PROMPT: Would you output the entries below only from the line containing "#108=DIRECTION('',(0.,0.,1.));" through the line containing "#162=EDGE_CURVE('E137',#125,#29,#161,.T.);", exactly as they stand and with both ends included?

Items from a dataset:
_____
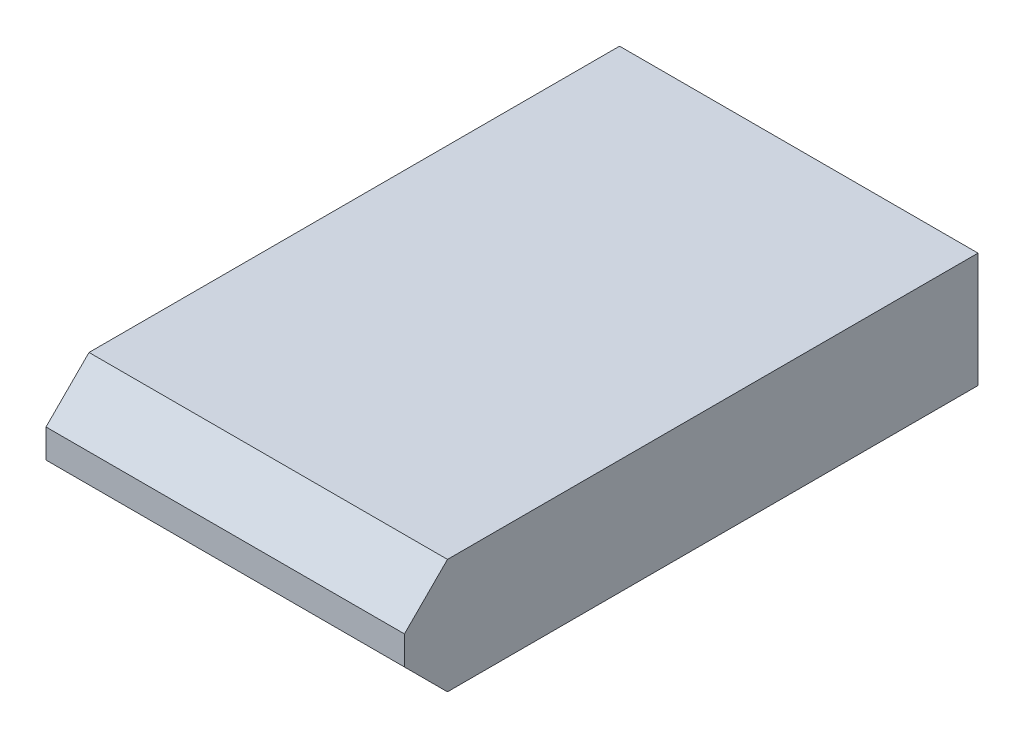
ISO-10303-21;
HEADER;
FILE_DESCRIPTION(('STEP AP214'),'2;1');
FILE_NAME('part.step','',(''),(''),'','','');
FILE_SCHEMA(('AUTOMOTIVE_DESIGN { 1 0 10303 214 1 1 1 1 }'));
ENDSEC;
DATA;
#1=APPLICATION_CONTEXT('core data for automotive mechanical design processes');
#2=APPLICATION_PROTOCOL_DEFINITION('international standard','automotive_design',2000,#1);
#3=PRODUCT_CONTEXT('',#1,'mechanical');
#4=PRODUCT('Part','Part','',(#3));
#5=PRODUCT_RELATED_PRODUCT_CATEGORY('part','',(#4));
#6=PRODUCT_DEFINITION_FORMATION('','',#4);
#7=PRODUCT_DEFINITION_CONTEXT('part definition',#1,'design');
#8=PRODUCT_DEFINITION('design','',#6,#7);
#9=PRODUCT_DEFINITION_SHAPE('','',#8);
#10=(LENGTH_UNIT() NAMED_UNIT(*) SI_UNIT(.MILLI.,.METRE.));
#11=(NAMED_UNIT(*) PLANE_ANGLE_UNIT() SI_UNIT($,.RADIAN.));
#12=(NAMED_UNIT(*) SI_UNIT($,.STERADIAN.) SOLID_ANGLE_UNIT());
#13=UNCERTAINTY_MEASURE_WITH_UNIT(LENGTH_MEASURE(1.E-05),#10,'distance_accuracy_value','');
#14=(GEOMETRIC_REPRESENTATION_CONTEXT(3) GLOBAL_UNCERTAINTY_ASSIGNED_CONTEXT((#13)) GLOBAL_UNIT_ASSIGNED_CONTEXT((#10,
#11,#12)) REPRESENTATION_CONTEXT('',''));
#15=CARTESIAN_POINT('',(0.,0.,0.));
#16=DIRECTION('',(0.,0.,1.));
#17=DIRECTION('',(1.,0.,0.));
#18=AXIS2_PLACEMENT_3D('',#15,#16,#17);
#19=CARTESIAN_POINT('',(0.,8.,0.));
#20=DIRECTION('',(1.,0.,0.));
#21=DIRECTION('',(0.,0.,-1.));
#22=AXIS2_PLACEMENT_3D('',#19,#20,#21);
#23=PLANE('',#22);
#24=DIRECTION('',(0.,0.,1.));
#25=VECTOR('',#24,1.);
#26=CARTESIAN_POINT('',(0.,0.,0.));
#27=LINE('',#26,#25);
#28=CARTESIAN_POINT('',(0.,0.,-40.));
#29=VERTEX_POINT('',#28);
#30=CARTESIAN_POINT('',(0.,0.,-3.00000000000002));
#31=VERTEX_POINT('',#30);
#32=EDGE_CURVE('E132',#29,#31,#27,.T.);
#33=ORIENTED_EDGE('',*,*,#32,.T.);
#34=DIRECTION('',(0.,0.707106781186547,0.707106781186548));
#35=VECTOR('',#34,1.);
#36=CARTESIAN_POINT('',(0.,3.00000000000001,0.));
#37=LINE('',#36,#35);
#38=CARTESIAN_POINT('',(0.,3.00000000000001,0.));
#39=VERTEX_POINT('',#38);
#40=EDGE_CURVE('E54',#31,#39,#37,.T.);
#41=ORIENTED_EDGE('',*,*,#40,.T.);
#42=DIRECTION('',(0.,-1.,0.));
#43=VECTOR('',#42,1.);
#44=CARTESIAN_POINT('',(0.,8.,0.));
#45=LINE('',#44,#43);
#46=CARTESIAN_POINT('',(0.,4.99999999999999,0.));
#47=VERTEX_POINT('',#46);
#48=EDGE_CURVE('E142',#47,#39,#45,.T.);
#49=ORIENTED_EDGE('',*,*,#48,.F.);
#50=DIRECTION('',(0.,-0.707106781186548,0.707106781186547));
#51=VECTOR('',#50,1.);
#52=CARTESIAN_POINT('',(0.,8.,-3.));
#53=LINE('',#52,#51);
#54=CARTESIAN_POINT('',(0.,8.,-3.));
#55=VERTEX_POINT('',#54);
#56=EDGE_CURVE('E61',#47,#55,#53,.F.);
#57=ORIENTED_EDGE('',*,*,#56,.T.);
#58=DIRECTION('',(0.,0.,1.));
#59=VECTOR('',#58,1.);
#60=CARTESIAN_POINT('',(0.,8.,0.));
#61=LINE('',#60,#59);
#62=CARTESIAN_POINT('',(0.,8.,-40.));
#63=VERTEX_POINT('',#62);
#64=EDGE_CURVE('E111',#63,#55,#61,.T.);
#65=ORIENTED_EDGE('',*,*,#64,.F.);
#66=DIRECTION('',(0.,-1.,0.));
#67=VECTOR('',#66,1.);
#68=CARTESIAN_POINT('',(0.,8.,-40.));
#69=LINE('',#68,#67);
#70=EDGE_CURVE('E122',#63,#29,#69,.T.);
#71=ORIENTED_EDGE('',*,*,#70,.T.);
#72=EDGE_LOOP('',(#33,#41,#49,#57,#65,#71));
#73=FACE_BOUND('',#72,.T.);
#74=ADVANCED_FACE('F44',(#73),#23,.F.);
#75=CARTESIAN_POINT('',(0.,8.,0.));
#76=DIRECTION('',(0.,0.,-1.));
#77=DIRECTION('',(-1.,0.,0.));
#78=AXIS2_PLACEMENT_3D('',#75,#76,#77);
#79=PLANE('',#78);
#80=ORIENTED_EDGE('',*,*,#48,.T.);
#81=DIRECTION('',(1.,0.,0.));
#82=VECTOR('',#81,1.);
#83=CARTESIAN_POINT('',(25.,3.00000000000001,0.));
#84=LINE('',#83,#82);
#85=CARTESIAN_POINT('',(25.,3.00000000000001,0.));
#86=VERTEX_POINT('',#85);
#87=EDGE_CURVE('E149',#39,#86,#84,.T.);
#88=ORIENTED_EDGE('',*,*,#87,.T.);
#89=DIRECTION('',(0.,-1.,0.));
#90=VECTOR('',#89,1.);
#91=CARTESIAN_POINT('',(25.,8.,0.));
#92=LINE('',#91,#90);
#93=CARTESIAN_POINT('',(25.,4.99999999999999,0.));
#94=VERTEX_POINT('',#93);
#95=EDGE_CURVE('E121',#94,#86,#92,.T.);
#96=ORIENTED_EDGE('',*,*,#95,.F.);
#97=DIRECTION('',(-1.,0.,0.));
#98=VECTOR('',#97,1.);
#99=CARTESIAN_POINT('',(0.,4.99999999999999,0.));
#100=LINE('',#99,#98);
#101=EDGE_CURVE('E146',#94,#47,#100,.T.);
#102=ORIENTED_EDGE('',*,*,#101,.T.);
#103=EDGE_LOOP('',(#80,#88,#96,#102));
#104=FACE_BOUND('',#103,.T.);
#105=ADVANCED_FACE('F167',(#104),#79,.F.);
#106=CARTESIAN_POINT('',(25.,8.,0.));
#107=DIRECTION('',(-1.,0.,0.));
#108=DIRECTION('',(0.,0.,1.));
#109=AXIS2_PLACEMENT_3D('',#106,#107,#108);
#110=PLANE('',#109);
#111=ORIENTED_EDGE('',*,*,#95,.T.);
#112=DIRECTION('',(0.,-0.707106781186547,-0.707106781186548));
#113=VECTOR('',#112,1.);
#114=CARTESIAN_POINT('',(25.,3.00000000000001,0.));
#115=LINE('',#114,#113);
#116=CARTESIAN_POINT('',(25.,0.,-3.00000000000002));
#117=VERTEX_POINT('',#116);
#118=EDGE_CURVE('E156',#86,#117,#115,.T.);
#119=ORIENTED_EDGE('',*,*,#118,.T.);
#120=DIRECTION('',(0.,0.,-1.));
#121=VECTOR('',#120,1.);
#122=CARTESIAN_POINT('',(25.,0.,0.));
#123=LINE('',#122,#121);
#124=CARTESIAN_POINT('',(25.,0.,-40.));
#125=VERTEX_POINT('',#124);
#126=EDGE_CURVE('E117',#117,#125,#123,.T.);
#127=ORIENTED_EDGE('',*,*,#126,.T.);
#128=DIRECTION('',(0.,-1.,0.));
#129=VECTOR('',#128,1.);
#130=CARTESIAN_POINT('',(25.,8.,-40.));
#131=LINE('',#130,#129);
#132=CARTESIAN_POINT('',(25.,8.,-40.));
#133=VERTEX_POINT('',#132);
#134=EDGE_CURVE('E114',#133,#125,#131,.T.);
#135=ORIENTED_EDGE('',*,*,#134,.F.);
#136=DIRECTION('',(0.,0.,-1.));
#137=VECTOR('',#136,1.);
#138=CARTESIAN_POINT('',(25.,8.,0.));
#139=LINE('',#138,#137);
#140=CARTESIAN_POINT('',(25.,8.,-3.));
#141=VERTEX_POINT('',#140);
#142=EDGE_CURVE('E102',#141,#133,#139,.T.);
#143=ORIENTED_EDGE('',*,*,#142,.F.);
#144=DIRECTION('',(0.,0.707106781186548,-0.707106781186547));
#145=VECTOR('',#144,1.);
#146=CARTESIAN_POINT('',(25.,8.,-3.));
#147=LINE('',#146,#145);
#148=EDGE_CURVE('E153',#141,#94,#147,.F.);
#149=ORIENTED_EDGE('',*,*,#148,.T.);
#150=EDGE_LOOP('',(#111,#119,#127,#135,#143,#149));
#151=FACE_BOUND('',#150,.T.);
#152=ADVANCED_FACE('F116',(#151),#110,.F.);
#153=CARTESIAN_POINT('',(0.,8.,-40.));
#154=DIRECTION('',(0.,0.,1.));
#155=DIRECTION('',(1.,0.,0.));
#156=AXIS2_PLACEMENT_3D('',#153,#154,#155);
#157=PLANE('',#156);
#158=DIRECTION('',(-1.,0.,0.));
#159=VECTOR('',#158,1.);
#160=CARTESIAN_POINT('',(0.,0.,-40.));
#161=LINE('',#160,#159);
#162=EDGE_CURVE('E137',#125,#29,#161,.T.);
#163=ORIENTED_EDGE('',*,*,#162,.T.);
#164=ORIENTED_EDGE('',*,*,#70,.F.);
#165=DIRECTION('',(-1.,0.,0.));
#166=VECTOR('',#165,1.);
#167=CARTESIAN_POINT('',(0.,8.,-40.));
#168=LINE('',#167,#166);
#169=EDGE_CURVE('E106',#133,#63,#168,.T.);
#170=ORIENTED_EDGE('',*,*,#169,.F.);
#171=ORIENTED_EDGE('',*,*,#134,.T.);
#172=EDGE_LOOP('',(#163,#164,#170,#171));
#173=FACE_BOUND('',#172,.T.);
#174=ADVANCED_FACE('F124',(#173),#157,.F.);
#175=CARTESIAN_POINT('',(0.,8.,0.));
#176=DIRECTION('',(0.,-1.,0.));
#177=DIRECTION('',(0.,0.,-1.));
#178=AXIS2_PLACEMENT_3D('',#175,#176,#177);
#179=PLANE('',#178);
#180=ORIENTED_EDGE('',*,*,#64,.T.);
#181=DIRECTION('',(1.,0.,0.));
#182=VECTOR('',#181,1.);
#183=CARTESIAN_POINT('',(0.,8.,-3.));
#184=LINE('',#183,#182);
#185=EDGE_CURVE('E11',#55,#141,#184,.T.);
#186=ORIENTED_EDGE('',*,*,#185,.T.);
#187=ORIENTED_EDGE('',*,*,#142,.T.);
#188=ORIENTED_EDGE('',*,*,#169,.T.);
#189=EDGE_LOOP('',(#180,#186,#187,#188));
#190=FACE_BOUND('',#189,.T.);
#191=ADVANCED_FACE('F104',(#190),#179,.F.);
#192=CARTESIAN_POINT('',(0.,0.,0.));
#193=DIRECTION('',(0.,-1.,0.));
#194=DIRECTION('',(0.,0.,-1.));
#195=AXIS2_PLACEMENT_3D('',#192,#193,#194);
#196=PLANE('',#195);
#197=ORIENTED_EDGE('',*,*,#126,.F.);
#198=DIRECTION('',(-1.,0.,0.));
#199=VECTOR('',#198,1.);
#200=CARTESIAN_POINT('',(0.,0.,-3.00000000000002));
#201=LINE('',#200,#199);
#202=EDGE_CURVE('E69',#117,#31,#201,.T.);
#203=ORIENTED_EDGE('',*,*,#202,.T.);
#204=ORIENTED_EDGE('',*,*,#32,.F.);
#205=ORIENTED_EDGE('',*,*,#162,.F.);
#206=EDGE_LOOP('',(#197,#203,#204,#205));
#207=FACE_BOUND('',#206,.T.);
#208=ADVANCED_FACE('F171',(#207),#196,.T.);
#209=CARTESIAN_POINT('',(0.,3.00000000000001,0.));
#210=DIRECTION('',(0.,-0.707106781186548,0.707106781186547));
#211=DIRECTION('',(-1.,0.,0.));
#212=AXIS2_PLACEMENT_3D('',#209,#210,#211);
#213=PLANE('',#212);
#214=ORIENTED_EDGE('',*,*,#40,.F.);
#215=ORIENTED_EDGE('',*,*,#202,.F.);
#216=ORIENTED_EDGE('',*,*,#118,.F.);
#217=ORIENTED_EDGE('',*,*,#87,.F.);
#218=EDGE_LOOP('',(#214,#215,#216,#217));
#219=FACE_BOUND('',#218,.T.);
#220=ADVANCED_FACE('F170',(#219),#213,.T.);
#221=CARTESIAN_POINT('',(0.,8.,-3.));
#222=DIRECTION('',(0.,-0.707106781186547,-0.707106781186548));
#223=DIRECTION('',(1.,0.,0.));
#224=AXIS2_PLACEMENT_3D('',#221,#222,#223);
#225=PLANE('',#224);
#226=ORIENTED_EDGE('',*,*,#56,.F.);
#227=ORIENTED_EDGE('',*,*,#101,.F.);
#228=ORIENTED_EDGE('',*,*,#148,.F.);
#229=ORIENTED_EDGE('',*,*,#185,.F.);
#230=EDGE_LOOP('',(#226,#227,#228,#229));
#231=FACE_BOUND('',#230,.T.);
#232=ADVANCED_FACE('F47',(#231),#225,.F.);
#233=CLOSED_SHELL('',(#74,#105,#152,#174,#191,#208,#220,#232));
#234=MANIFOLD_SOLID_BREP('B2',#233);
#235=ADVANCED_BREP_SHAPE_REPRESENTATION('',(#18,#234),#14);
#236=SHAPE_DEFINITION_REPRESENTATION(#9,#235);
ENDSEC;
END-ISO-10303-21;
_____
SOLUTION BELOW:
#108=DIRECTION('',(0.,0.,1.));
#109=AXIS2_PLACEMENT_3D('',#106,#107,#108);
#110=PLANE('',#109);
#111=ORIENTED_EDGE('',*,*,#95,.T.);
#112=DIRECTION('',(0.,-0.707106781186547,-0.707106781186548));
#113=VECTOR('',#112,1.);
#114=CARTESIAN_POINT('',(25.,3.00000000000001,0.));
#115=LINE('',#114,#113);
#116=CARTESIAN_POINT('',(25.,0.,-3.00000000000002));
#117=VERTEX_POINT('',#116);
#118=EDGE_CURVE('E156',#86,#117,#115,.T.);
#119=ORIENTED_EDGE('',*,*,#118,.T.);
#120=DIRECTION('',(0.,0.,-1.));
#121=VECTOR('',#120,1.);
#122=CARTESIAN_POINT('',(25.,0.,0.));
#123=LINE('',#122,#121);
#124=CARTESIAN_POINT('',(25.,0.,-40.));
#125=VERTEX_POINT('',#124);
#126=EDGE_CURVE('E117',#117,#125,#123,.T.);
#127=ORIENTED_EDGE('',*,*,#126,.T.);
#128=DIRECTION('',(0.,-1.,0.));
#129=VECTOR('',#128,1.);
#130=CARTESIAN_POINT('',(25.,8.,-40.));
#131=LINE('',#130,#129);
#132=CARTESIAN_POINT('',(25.,8.,-40.));
#133=VERTEX_POINT('',#132);
#134=EDGE_CURVE('E114',#133,#125,#131,.T.);
#135=ORIENTED_EDGE('',*,*,#134,.F.);
#136=DIRECTION('',(0.,0.,-1.));
#137=VECTOR('',#136,1.);
#138=CARTESIAN_POINT('',(25.,8.,0.));
#139=LINE('',#138,#137);
#140=CARTESIAN_POINT('',(25.,8.,-3.));
#141=VERTEX_POINT('',#140);
#142=EDGE_CURVE('E102',#141,#133,#139,.T.);
#143=ORIENTED_EDGE('',*,*,#142,.F.);
#144=DIRECTION('',(0.,0.707106781186548,-0.707106781186547));
#145=VECTOR('',#144,1.);
#146=CARTESIAN_POINT('',(25.,8.,-3.));
#147=LINE('',#146,#145);
#148=EDGE_CURVE('E153',#141,#94,#147,.F.);
#149=ORIENTED_EDGE('',*,*,#148,.T.);
#150=EDGE_LOOP('',(#111,#119,#127,#135,#143,#149));
#151=FACE_BOUND('',#150,.T.);
#152=ADVANCED_FACE('F116',(#151),#110,.F.);
#153=CARTESIAN_POINT('',(0.,8.,-40.));
#154=DIRECTION('',(0.,0.,1.));
#155=DIRECTION('',(1.,0.,0.));
#156=AXIS2_PLACEMENT_3D('',#153,#154,#155);
#157=PLANE('',#156);
#158=DIRECTION('',(-1.,0.,0.));
#159=VECTOR('',#158,1.);
#160=CARTESIAN_POINT('',(0.,0.,-40.));
#161=LINE('',#160,#159);
#162=EDGE_CURVE('E137',#125,#29,#161,.T.);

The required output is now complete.